§ WORK REQUEST
Go through the data and copy every line exactly, but not the images.

*** DATA SHOWN Section Begins ***

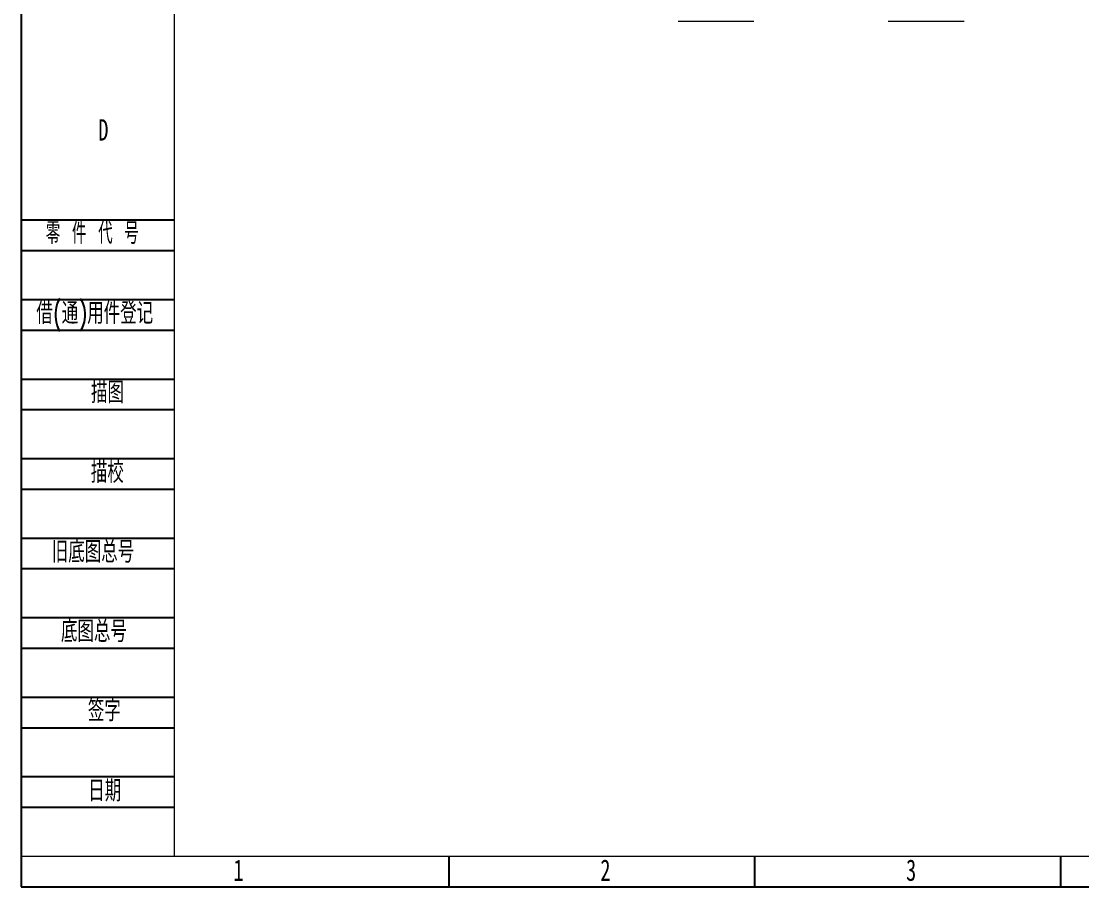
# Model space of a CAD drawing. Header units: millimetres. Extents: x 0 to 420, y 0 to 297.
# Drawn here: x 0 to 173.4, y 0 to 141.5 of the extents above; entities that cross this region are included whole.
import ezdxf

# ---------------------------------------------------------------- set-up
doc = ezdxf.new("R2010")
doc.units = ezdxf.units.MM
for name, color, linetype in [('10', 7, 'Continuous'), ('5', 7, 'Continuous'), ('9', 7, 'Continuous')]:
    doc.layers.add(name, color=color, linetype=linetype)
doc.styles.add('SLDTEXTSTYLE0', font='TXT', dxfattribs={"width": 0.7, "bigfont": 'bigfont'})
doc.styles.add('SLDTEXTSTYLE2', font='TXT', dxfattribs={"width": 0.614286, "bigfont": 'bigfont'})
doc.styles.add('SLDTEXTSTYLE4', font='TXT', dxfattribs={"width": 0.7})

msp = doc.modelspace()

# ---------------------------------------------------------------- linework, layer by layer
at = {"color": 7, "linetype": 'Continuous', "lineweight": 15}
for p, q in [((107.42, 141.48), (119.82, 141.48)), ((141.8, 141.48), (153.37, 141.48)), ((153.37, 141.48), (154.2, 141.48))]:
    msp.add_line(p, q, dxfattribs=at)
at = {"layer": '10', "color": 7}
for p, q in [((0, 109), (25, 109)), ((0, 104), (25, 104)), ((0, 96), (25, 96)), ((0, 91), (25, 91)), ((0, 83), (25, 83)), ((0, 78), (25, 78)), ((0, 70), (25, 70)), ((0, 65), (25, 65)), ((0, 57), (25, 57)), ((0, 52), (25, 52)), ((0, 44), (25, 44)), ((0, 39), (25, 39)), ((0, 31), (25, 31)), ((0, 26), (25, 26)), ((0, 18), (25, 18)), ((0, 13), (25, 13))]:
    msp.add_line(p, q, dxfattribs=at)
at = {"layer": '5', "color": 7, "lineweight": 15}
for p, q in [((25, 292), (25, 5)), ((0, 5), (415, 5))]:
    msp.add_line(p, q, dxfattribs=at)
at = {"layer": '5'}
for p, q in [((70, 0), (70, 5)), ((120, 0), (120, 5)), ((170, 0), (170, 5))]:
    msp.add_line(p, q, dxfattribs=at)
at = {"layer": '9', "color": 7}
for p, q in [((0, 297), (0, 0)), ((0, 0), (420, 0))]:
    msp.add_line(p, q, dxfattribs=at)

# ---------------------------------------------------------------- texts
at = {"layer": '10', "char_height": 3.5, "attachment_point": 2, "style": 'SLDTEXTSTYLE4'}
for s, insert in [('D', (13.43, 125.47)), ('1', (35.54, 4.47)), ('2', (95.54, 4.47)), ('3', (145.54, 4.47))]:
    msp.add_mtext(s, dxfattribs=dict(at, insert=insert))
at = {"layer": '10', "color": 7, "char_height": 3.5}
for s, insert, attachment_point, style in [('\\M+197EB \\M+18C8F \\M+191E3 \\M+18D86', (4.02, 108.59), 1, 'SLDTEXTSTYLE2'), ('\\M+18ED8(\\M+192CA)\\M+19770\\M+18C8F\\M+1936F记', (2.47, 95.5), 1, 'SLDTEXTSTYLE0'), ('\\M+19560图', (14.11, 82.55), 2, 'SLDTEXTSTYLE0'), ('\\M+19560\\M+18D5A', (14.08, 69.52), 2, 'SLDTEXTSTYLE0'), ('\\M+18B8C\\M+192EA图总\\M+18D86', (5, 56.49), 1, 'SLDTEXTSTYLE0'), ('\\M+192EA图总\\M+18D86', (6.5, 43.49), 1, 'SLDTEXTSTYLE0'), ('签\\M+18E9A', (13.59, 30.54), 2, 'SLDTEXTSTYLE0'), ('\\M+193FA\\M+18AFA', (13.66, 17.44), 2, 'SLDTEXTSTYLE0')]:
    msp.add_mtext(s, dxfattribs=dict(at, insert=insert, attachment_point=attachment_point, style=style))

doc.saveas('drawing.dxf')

*** DATA SHOWN Section Ends ***

§ TASK SOLUTION
# Model space of a CAD drawing. Header units: millimetres. Extents: x 0 to 420, y 0 to 297.
# Drawn here: x 0 to 173.4, y 0 to 141.5 of the extents above; entities that cross this region are included whole.
import ezdxf

# ---------------------------------------------------------------- set-up
doc = ezdxf.new("R2010")
doc.units = ezdxf.units.MM
for name, color, linetype in [('10', 7, 'Continuous'), ('5', 7, 'Continuous'), ('9', 7, 'Continuous')]:
    doc.layers.add(name, color=color, linetype=linetype)
doc.styles.add('SLDTEXTSTYLE0', font='TXT', dxfattribs={"width": 0.7, "bigfont": 'bigfont'})
doc.styles.add('SLDTEXTSTYLE2', font='TXT', dxfattribs={"width": 0.614286, "bigfont": 'bigfont'})
doc.styles.add('SLDTEXTSTYLE4', font='TXT', dxfattribs={"width": 0.7})

msp = doc.modelspace()

# ---------------------------------------------------------------- linework, layer by layer
at = {"color": 7, "linetype": 'Continuous', "lineweight": 15}
for p, q in [((107.42, 141.48), (119.82, 141.48)), ((141.8, 141.48), (153.37, 141.48)), ((153.37, 141.48), (154.2, 141.48))]:
    msp.add_line(p, q, dxfattribs=at)
at = {"layer": '10', "color": 7}
for p, q in [((0, 109), (25, 109)), ((0, 104), (25, 104)), ((0, 96), (25, 96)), ((0, 91), (25, 91)), ((0, 83), (25, 83)), ((0, 78), (25, 78)), ((0, 70), (25, 70)), ((0, 65), (25, 65)), ((0, 57), (25, 57)), ((0, 52), (25, 52)), ((0, 44), (25, 44)), ((0, 39), (25, 39)), ((0, 31), (25, 31)), ((0, 26), (25, 26)), ((0, 18), (25, 18)), ((0, 13), (25, 13))]:
    msp.add_line(p, q, dxfattribs=at)
at = {"layer": '5', "color": 7, "lineweight": 15}
for p, q in [((25, 292), (25, 5)), ((0, 5), (415, 5))]:
    msp.add_line(p, q, dxfattribs=at)
at = {"layer": '5'}
for p, q in [((70, 0), (70, 5)), ((120, 0), (120, 5)), ((170, 0), (170, 5))]:
    msp.add_line(p, q, dxfattribs=at)
at = {"layer": '9', "color": 7}
for p, q in [((0, 297), (0, 0)), ((0, 0), (420, 0))]:
    msp.add_line(p, q, dxfattribs=at)

# ---------------------------------------------------------------- texts
at = {"layer": '10', "char_height": 3.5, "attachment_point": 2, "style": 'SLDTEXTSTYLE4'}
for s, insert in [('D', (13.43, 125.47)), ('1', (35.54, 4.47)), ('2', (95.54, 4.47)), ('3', (145.54, 4.47))]:
    msp.add_mtext(s, dxfattribs=dict(at, insert=insert))
at = {"layer": '10', "color": 7, "char_height": 3.5}
for s, insert, attachment_point, style in [('\\M+197EB \\M+18C8F \\M+191E3 \\M+18D86', (4.02, 108.59), 1, 'SLDTEXTSTYLE2'), ('\\M+18ED8(\\M+192CA)\\M+19770\\M+18C8F\\M+1936F记', (2.47, 95.5), 1, 'SLDTEXTSTYLE0'), ('\\M+19560图', (14.11, 82.55), 2, 'SLDTEXTSTYLE0'), ('\\M+19560\\M+18D5A', (14.08, 69.52), 2, 'SLDTEXTSTYLE0'), ('\\M+18B8C\\M+192EA图总\\M+18D86', (5, 56.49), 1, 'SLDTEXTSTYLE0'), ('\\M+192EA图总\\M+18D86', (6.5, 43.49), 1, 'SLDTEXTSTYLE0'), ('签\\M+18E9A', (13.59, 30.54), 2, 'SLDTEXTSTYLE0'), ('\\M+193FA\\M+18AFA', (13.66, 17.44), 2, 'SLDTEXTSTYLE0')]:
    msp.add_mtext(s, dxfattribs=dict(at, insert=insert, attachment_point=attachment_point, style=style))

doc.saveas('drawing.dxf')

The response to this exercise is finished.